I really am interested in knowing these specs as well. I had a q9450 oc'ed at 3.5 ghz with 2x 8800 gts. I upgraded to a new silverstone raven case so I am ready to support 2x470's oc'ed when this game comes out. I have one oc'ed to 850/1700/2100, and am going to pick up the second when this game comes out. My question is once I got the first one I don't see any real reason for the second one as no games struggle with it. I know that on some games I am getting close to a bottleneck like dirt 2 at around 80 fps, but thats just because of dx11's hbao technology that is so cpu intensive and hence, wasteful as you can't even sli 2x400 series an i7 without a bottleneck on these games. I really am hoping crysis 2 to be revolutionary enough and gpu intensive like the last one, so that I can actually use and benefit from a second gpu with my cpu, as more intensive gpu games actually cause less cpu bottleneck then less intensive gpu games. My question is if we remember 3 years ago when the original crysis came out and the only cards out there were the 8000 series which you needed like the top 2 in sli to run crysis at 30fps. Do we need to do the same for this or since this game is going to be in consoles is it going to be less revolutionary. I really am hoping for it to be the first to maximize 2x gtx 480's or something and to not use the stupid dx11 hbao anymore because right now if it did it would in my opinion look like a decent mockery of bfbc2 graphics which would be a huge disappointing to me. who remembers the revolution the original crysis brought we need that again to push gaming back up and bring back pc necessity from those poor console systems that is holding the improvement of gaming forward.

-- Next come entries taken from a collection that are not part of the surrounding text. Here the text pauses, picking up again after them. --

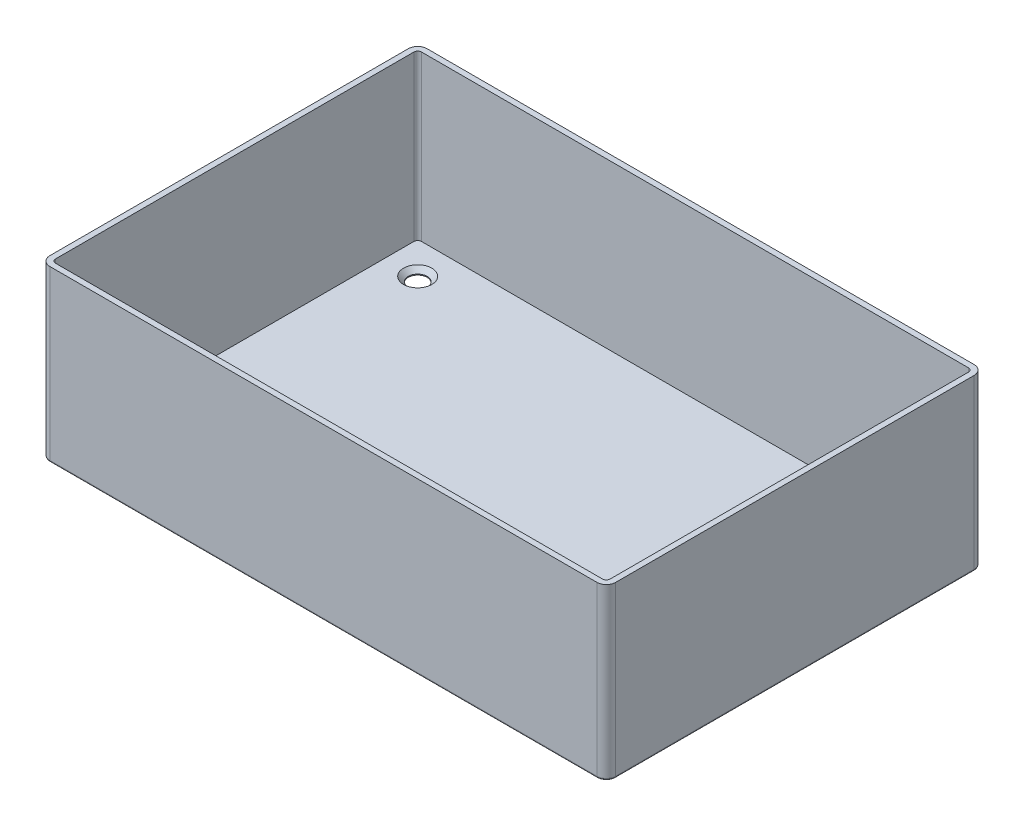
ISO-10303-21;
HEADER;
FILE_DESCRIPTION(('STEP AP214'),'2;1');
FILE_NAME('part.step','',(''),(''),'','','');
FILE_SCHEMA(('AUTOMOTIVE_DESIGN { 1 0 10303 214 1 1 1 1 }'));
ENDSEC;
DATA;
#1=APPLICATION_CONTEXT('core data for automotive mechanical design processes');
#2=APPLICATION_PROTOCOL_DEFINITION('international standard','automotive_design',2000,#1);
#3=PRODUCT_CONTEXT('',#1,'mechanical');
#4=PRODUCT('Part','Part','',(#3));
#5=PRODUCT_RELATED_PRODUCT_CATEGORY('part','',(#4));
#6=PRODUCT_DEFINITION_FORMATION('','',#4);
#7=PRODUCT_DEFINITION_CONTEXT('part definition',#1,'design');
#8=PRODUCT_DEFINITION('design','',#6,#7);
#9=PRODUCT_DEFINITION_SHAPE('','',#8);
#10=(LENGTH_UNIT() NAMED_UNIT(*) SI_UNIT(.MILLI.,.METRE.));
#11=(NAMED_UNIT(*) PLANE_ANGLE_UNIT() SI_UNIT($,.RADIAN.));
#12=(NAMED_UNIT(*) SI_UNIT($,.STERADIAN.) SOLID_ANGLE_UNIT());
#13=UNCERTAINTY_MEASURE_WITH_UNIT(LENGTH_MEASURE(1.E-05),#10,'distance_accuracy_value','');
#14=(GEOMETRIC_REPRESENTATION_CONTEXT(3) GLOBAL_UNCERTAINTY_ASSIGNED_CONTEXT((#13)) GLOBAL_UNIT_ASSIGNED_CONTEXT((#10,
#11,#12)) REPRESENTATION_CONTEXT('',''));
#15=CARTESIAN_POINT('',(0.,0.,0.));
#16=DIRECTION('',(0.,0.,1.));
#17=DIRECTION('',(1.,0.,0.));
#18=AXIS2_PLACEMENT_3D('',#15,#16,#17);
#19=CARTESIAN_POINT('',(-72.5,50.,-47.5));
#20=DIRECTION('',(0.,-1.,0.));
#21=DIRECTION('',(0.,0.,-1.));
#22=AXIS2_PLACEMENT_3D('',#19,#20,#21);
#23=CYLINDRICAL_SURFACE('',#22,2.5);
#24=DIRECTION('',(0.,-1.,0.));
#25=VECTOR('',#24,1.);
#26=CARTESIAN_POINT('',(-72.5,50.,-50.));
#27=LINE('',#26,#25);
#28=CARTESIAN_POINT('',(-72.5,45.,-50.));
#29=VERTEX_POINT('',#28);
#30=CARTESIAN_POINT('',(-72.5,0.5,-50.));
#31=VERTEX_POINT('',#30);
#32=EDGE_CURVE('E210',#29,#31,#27,.T.);
#33=ORIENTED_EDGE('',*,*,#32,.T.);
#34=CARTESIAN_POINT('',(-72.5,0.5,-47.5));
#35=DIRECTION('',(0.,-1.,0.));
#36=DIRECTION('',(0.,0.,-1.));
#37=AXIS2_PLACEMENT_3D('',#34,#35,#36);
#38=CIRCLE('',#37,2.5);
#39=CARTESIAN_POINT('',(-75.,0.5,-47.5));
#40=VERTEX_POINT('',#39);
#41=EDGE_CURVE('E252',#31,#40,#38,.F.);
#42=ORIENTED_EDGE('',*,*,#41,.T.);
#43=DIRECTION('',(0.,-1.,0.));
#44=VECTOR('',#43,1.);
#45=CARTESIAN_POINT('',(-75.,50.,-47.5));
#46=LINE('',#45,#44);
#47=CARTESIAN_POINT('',(-75.,45.,-47.5));
#48=VERTEX_POINT('',#47);
#49=EDGE_CURVE('E185',#48,#40,#46,.T.);
#50=ORIENTED_EDGE('',*,*,#49,.F.);
#51=CARTESIAN_POINT('',(-72.5,45.,-47.5));
#52=DIRECTION('',(0.,1.,0.));
#53=DIRECTION('',(0.,0.,1.));
#54=AXIS2_PLACEMENT_3D('',#51,#52,#53);
#55=CIRCLE('',#54,2.5);
#56=EDGE_CURVE('E380',#29,#48,#55,.T.);
#57=ORIENTED_EDGE('',*,*,#56,.F.);
#58=EDGE_LOOP('',(#33,#42,#50,#57));
#59=FACE_BOUND('',#58,.T.);
#60=ADVANCED_FACE('F34',(#59),#23,.T.);
#61=CARTESIAN_POINT('',(-75.,50.,47.5));
#62=DIRECTION('',(1.,0.,0.));
#63=DIRECTION('',(0.,0.,-1.));
#64=AXIS2_PLACEMENT_3D('',#61,#62,#63);
#65=PLANE('',#64);
#66=ORIENTED_EDGE('',*,*,#49,.T.);
#67=DIRECTION('',(0.,0.,1.));
#68=VECTOR('',#67,1.);
#69=CARTESIAN_POINT('',(-75.,0.5,47.5));
#70=LINE('',#69,#68);
#71=CARTESIAN_POINT('',(-75.,0.5,47.5));
#72=VERTEX_POINT('',#71);
#73=EDGE_CURVE('E57',#40,#72,#70,.T.);
#74=ORIENTED_EDGE('',*,*,#73,.T.);
#75=DIRECTION('',(0.,-1.,0.));
#76=VECTOR('',#75,1.);
#77=CARTESIAN_POINT('',(-75.,50.,47.5));
#78=LINE('',#77,#76);
#79=CARTESIAN_POINT('',(-75.,45.,47.5));
#80=VERTEX_POINT('',#79);
#81=EDGE_CURVE('E228',#80,#72,#78,.T.);
#82=ORIENTED_EDGE('',*,*,#81,.F.);
#83=DIRECTION('',(0.,0.,1.));
#84=VECTOR('',#83,1.);
#85=CARTESIAN_POINT('',(-75.,45.,47.5));
#86=LINE('',#85,#84);
#87=EDGE_CURVE('E385',#48,#80,#86,.T.);
#88=ORIENTED_EDGE('',*,*,#87,.F.);
#89=EDGE_LOOP('',(#66,#74,#82,#88));
#90=FACE_BOUND('',#89,.T.);
#91=ADVANCED_FACE('F320',(#90),#65,.F.);
#92=CARTESIAN_POINT('',(-72.5,50.,47.5));
#93=DIRECTION('',(0.,-1.,0.));
#94=DIRECTION('',(0.,0.,-1.));
#95=AXIS2_PLACEMENT_3D('',#92,#93,#94);
#96=CYLINDRICAL_SURFACE('',#95,2.5);
#97=ORIENTED_EDGE('',*,*,#81,.T.);
#98=CARTESIAN_POINT('',(-72.5,0.5,47.5));
#99=DIRECTION('',(0.,-1.,0.));
#100=DIRECTION('',(0.,0.,-1.));
#101=AXIS2_PLACEMENT_3D('',#98,#99,#100);
#102=CIRCLE('',#101,2.5);
#103=CARTESIAN_POINT('',(-72.5,0.5,50.));
#104=VERTEX_POINT('',#103);
#105=EDGE_CURVE('E49',#72,#104,#102,.F.);
#106=ORIENTED_EDGE('',*,*,#105,.T.);
#107=DIRECTION('',(0.,-1.,0.));
#108=VECTOR('',#107,1.);
#109=CARTESIAN_POINT('',(-72.5,50.,50.));
#110=LINE('',#109,#108);
#111=CARTESIAN_POINT('',(-72.5,45.,50.));
#112=VERTEX_POINT('',#111);
#113=EDGE_CURVE('E226',#112,#104,#110,.T.);
#114=ORIENTED_EDGE('',*,*,#113,.F.);
#115=CARTESIAN_POINT('',(-72.5,45.,47.5));
#116=DIRECTION('',(0.,1.,0.));
#117=DIRECTION('',(0.,0.,1.));
#118=AXIS2_PLACEMENT_3D('',#115,#116,#117);
#119=CIRCLE('',#118,2.5);
#120=EDGE_CURVE('E469',#80,#112,#119,.T.);
#121=ORIENTED_EDGE('',*,*,#120,.F.);
#122=EDGE_LOOP('',(#97,#106,#114,#121));
#123=FACE_BOUND('',#122,.T.);
#124=ADVANCED_FACE('F326',(#123),#96,.T.);
#125=CARTESIAN_POINT('',(-72.5,50.,50.));
#126=DIRECTION('',(0.,0.,-1.));
#127=DIRECTION('',(-1.,0.,0.));
#128=AXIS2_PLACEMENT_3D('',#125,#126,#127);
#129=PLANE('',#128);
#130=ORIENTED_EDGE('',*,*,#113,.T.);
#131=DIRECTION('',(1.,0.,0.));
#132=VECTOR('',#131,1.);
#133=CARTESIAN_POINT('',(72.5,0.5,50.));
#134=LINE('',#133,#132);
#135=CARTESIAN_POINT('',(72.5,0.5,50.));
#136=VERTEX_POINT('',#135);
#137=EDGE_CURVE('E260',#104,#136,#134,.T.);
#138=ORIENTED_EDGE('',*,*,#137,.T.);
#139=DIRECTION('',(0.,-1.,0.));
#140=VECTOR('',#139,1.);
#141=CARTESIAN_POINT('',(72.5,50.,50.));
#142=LINE('',#141,#140);
#143=CARTESIAN_POINT('',(72.5,45.,50.));
#144=VERTEX_POINT('',#143);
#145=EDGE_CURVE('E223',#144,#136,#142,.T.);
#146=ORIENTED_EDGE('',*,*,#145,.F.);
#147=DIRECTION('',(1.,0.,0.));
#148=VECTOR('',#147,1.);
#149=CARTESIAN_POINT('',(-72.5,45.,50.));
#150=LINE('',#149,#148);
#151=EDGE_CURVE('E467',#112,#144,#150,.T.);
#152=ORIENTED_EDGE('',*,*,#151,.F.);
#153=EDGE_LOOP('',(#130,#138,#146,#152));
#154=FACE_BOUND('',#153,.T.);
#155=ADVANCED_FACE('F489',(#154),#129,.F.);
#156=CARTESIAN_POINT('',(72.5,50.,47.5));
#157=DIRECTION('',(0.,-1.,0.));
#158=DIRECTION('',(0.,0.,-1.));
#159=AXIS2_PLACEMENT_3D('',#156,#157,#158);
#160=CYLINDRICAL_SURFACE('',#159,2.5);
#161=ORIENTED_EDGE('',*,*,#145,.T.);
#162=CARTESIAN_POINT('',(72.5,0.5,47.5));
#163=DIRECTION('',(0.,-1.,0.));
#164=DIRECTION('',(0.,0.,-1.));
#165=AXIS2_PLACEMENT_3D('',#162,#163,#164);
#166=CIRCLE('',#165,2.5);
#167=CARTESIAN_POINT('',(75.,0.5,47.5));
#168=VERTEX_POINT('',#167);
#169=EDGE_CURVE('E184',#136,#168,#166,.F.);
#170=ORIENTED_EDGE('',*,*,#169,.T.);
#171=DIRECTION('',(0.,-1.,0.));
#172=VECTOR('',#171,1.);
#173=CARTESIAN_POINT('',(75.,50.,47.5));
#174=LINE('',#173,#172);
#175=CARTESIAN_POINT('',(75.,45.,47.5));
#176=VERTEX_POINT('',#175);
#177=EDGE_CURVE('E220',#176,#168,#174,.T.);
#178=ORIENTED_EDGE('',*,*,#177,.F.);
#179=CARTESIAN_POINT('',(72.5,45.,47.5));
#180=DIRECTION('',(0.,1.,0.));
#181=DIRECTION('',(0.,0.,1.));
#182=AXIS2_PLACEMENT_3D('',#179,#180,#181);
#183=CIRCLE('',#182,2.5);
#184=EDGE_CURVE('E465',#144,#176,#183,.T.);
#185=ORIENTED_EDGE('',*,*,#184,.F.);
#186=EDGE_LOOP('',(#161,#170,#178,#185));
#187=FACE_BOUND('',#186,.T.);
#188=ADVANCED_FACE('F492',(#187),#160,.T.);
#189=CARTESIAN_POINT('',(75.,50.,47.5));
#190=DIRECTION('',(-1.,0.,0.));
#191=DIRECTION('',(0.,0.,1.));
#192=AXIS2_PLACEMENT_3D('',#189,#190,#191);
#193=PLANE('',#192);
#194=ORIENTED_EDGE('',*,*,#177,.T.);
#195=DIRECTION('',(0.,0.,-1.));
#196=VECTOR('',#195,1.);
#197=CARTESIAN_POINT('',(75.,0.5,-47.5));
#198=LINE('',#197,#196);
#199=CARTESIAN_POINT('',(75.,0.5,-47.5));
#200=VERTEX_POINT('',#199);
#201=EDGE_CURVE('E258',#168,#200,#198,.T.);
#202=ORIENTED_EDGE('',*,*,#201,.T.);
#203=DIRECTION('',(0.,-1.,0.));
#204=VECTOR('',#203,1.);
#205=CARTESIAN_POINT('',(75.,50.,-47.5));
#206=LINE('',#205,#204);
#207=CARTESIAN_POINT('',(75.,45.,-47.5));
#208=VERTEX_POINT('',#207);
#209=EDGE_CURVE('E217',#208,#200,#206,.T.);
#210=ORIENTED_EDGE('',*,*,#209,.F.);
#211=DIRECTION('',(0.,0.,-1.));
#212=VECTOR('',#211,1.);
#213=CARTESIAN_POINT('',(75.,45.,47.5));
#214=LINE('',#213,#212);
#215=EDGE_CURVE('E463',#176,#208,#214,.T.);
#216=ORIENTED_EDGE('',*,*,#215,.F.);
#217=EDGE_LOOP('',(#194,#202,#210,#216));
#218=FACE_BOUND('',#217,.T.);
#219=ADVANCED_FACE('F498',(#218),#193,.F.);
#220=CARTESIAN_POINT('',(72.5,50.,-47.5));
#221=DIRECTION('',(0.,-1.,0.));
#222=DIRECTION('',(0.,0.,-1.));
#223=AXIS2_PLACEMENT_3D('',#220,#221,#222);
#224=CYLINDRICAL_SURFACE('',#223,2.5);
#225=ORIENTED_EDGE('',*,*,#209,.T.);
#226=CARTESIAN_POINT('',(72.5,0.5,-47.5));
#227=DIRECTION('',(0.,-1.,0.));
#228=DIRECTION('',(0.,0.,-1.));
#229=AXIS2_PLACEMENT_3D('',#226,#227,#228);
#230=CIRCLE('',#229,2.5);
#231=CARTESIAN_POINT('',(72.5,0.5,-50.));
#232=VERTEX_POINT('',#231);
#233=EDGE_CURVE('E250',#200,#232,#230,.F.);
#234=ORIENTED_EDGE('',*,*,#233,.T.);
#235=DIRECTION('',(0.,-1.,0.));
#236=VECTOR('',#235,1.);
#237=CARTESIAN_POINT('',(72.5,50.,-50.));
#238=LINE('',#237,#236);
#239=CARTESIAN_POINT('',(72.5,45.,-50.));
#240=VERTEX_POINT('',#239);
#241=EDGE_CURVE('E213',#240,#232,#238,.T.);
#242=ORIENTED_EDGE('',*,*,#241,.F.);
#243=CARTESIAN_POINT('',(72.5,45.,-47.5));
#244=DIRECTION('',(0.,1.,0.));
#245=DIRECTION('',(0.,0.,1.));
#246=AXIS2_PLACEMENT_3D('',#243,#244,#245);
#247=CIRCLE('',#246,2.5);
#248=EDGE_CURVE('E461',#208,#240,#247,.T.);
#249=ORIENTED_EDGE('',*,*,#248,.F.);
#250=EDGE_LOOP('',(#225,#234,#242,#249));
#251=FACE_BOUND('',#250,.T.);
#252=ADVANCED_FACE('F502',(#251),#224,.T.);
#253=CARTESIAN_POINT('',(-72.5,50.,-50.));
#254=DIRECTION('',(0.,0.,1.));
#255=DIRECTION('',(1.,0.,0.));
#256=AXIS2_PLACEMENT_3D('',#253,#254,#255);
#257=PLANE('',#256);
#258=ORIENTED_EDGE('',*,*,#241,.T.);
#259=DIRECTION('',(-1.,0.,0.));
#260=VECTOR('',#259,1.);
#261=CARTESIAN_POINT('',(-72.5,0.5,-50.));
#262=LINE('',#261,#260);
#263=EDGE_CURVE('E256',#232,#31,#262,.T.);
#264=ORIENTED_EDGE('',*,*,#263,.T.);
#265=ORIENTED_EDGE('',*,*,#32,.F.);
#266=DIRECTION('',(-1.,0.,0.));
#267=VECTOR('',#266,1.);
#268=CARTESIAN_POINT('',(-72.5,45.,-50.));
#269=LINE('',#268,#267);
#270=EDGE_CURVE('E459',#240,#29,#269,.T.);
#271=ORIENTED_EDGE('',*,*,#270,.F.);
#272=EDGE_LOOP('',(#258,#264,#265,#271));
#273=FACE_BOUND('',#272,.T.);
#274=ADVANCED_FACE('F516',(#273),#257,.F.);
#275=CARTESIAN_POINT('',(-72.5,50.,-47.5));
#276=DIRECTION('',(0.,-1.,0.));
#277=DIRECTION('',(0.,0.,-1.));
#278=AXIS2_PLACEMENT_3D('',#275,#276,#277);
#279=CYLINDRICAL_SURFACE('',#278,1.);
#280=DIRECTION('',(0.,-1.,0.));
#281=VECTOR('',#280,1.);
#282=CARTESIAN_POINT('',(-72.5,50.,-48.5));
#283=LINE('',#282,#281);
#284=CARTESIAN_POINT('',(-72.5,45.,-48.5));
#285=VERTEX_POINT('',#284);
#286=CARTESIAN_POINT('',(-72.5,1.5,-48.5));
#287=VERTEX_POINT('',#286);
#288=EDGE_CURVE('E201',#285,#287,#283,.T.);
#289=ORIENTED_EDGE('',*,*,#288,.F.);
#290=CARTESIAN_POINT('',(-72.5,45.,-47.5));
#291=DIRECTION('',(0.,1.,0.));
#292=DIRECTION('',(0.,0.,1.));
#293=AXIS2_PLACEMENT_3D('',#290,#291,#292);
#294=CIRCLE('',#293,1.);
#295=CARTESIAN_POINT('',(-73.5,45.,-47.5));
#296=VERTEX_POINT('',#295);
#297=EDGE_CURVE('E180',#285,#296,#294,.T.);
#298=ORIENTED_EDGE('',*,*,#297,.T.);
#299=DIRECTION('',(0.,1.,0.));
#300=VECTOR('',#299,1.);
#301=CARTESIAN_POINT('',(-73.5,50.,-47.5));
#302=LINE('',#301,#300);
#303=CARTESIAN_POINT('',(-73.5,1.5,-47.5));
#304=VERTEX_POINT('',#303);
#305=EDGE_CURVE('E214',#296,#304,#302,.F.);
#306=ORIENTED_EDGE('',*,*,#305,.T.);
#307=CARTESIAN_POINT('',(-72.5,1.5,-47.5));
#308=DIRECTION('',(0.,-1.,0.));
#309=DIRECTION('',(0.,0.,-1.));
#310=AXIS2_PLACEMENT_3D('',#307,#308,#309);
#311=CIRCLE('',#310,1.);
#312=EDGE_CURVE('E394',#287,#304,#311,.F.);
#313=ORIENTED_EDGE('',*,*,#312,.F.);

I mean most people still say crysis has the best graphics out of all games and its been nearly 4 years we can't let this game be anything other then a revolutionary in graphics or in my opinion its a failure as gameplay was never its main strength.

so final question what will max quality be like and require and do you think my system with 2x470's will be able to max the game out (i am hoping for atleast yes, but barely would be nicer.)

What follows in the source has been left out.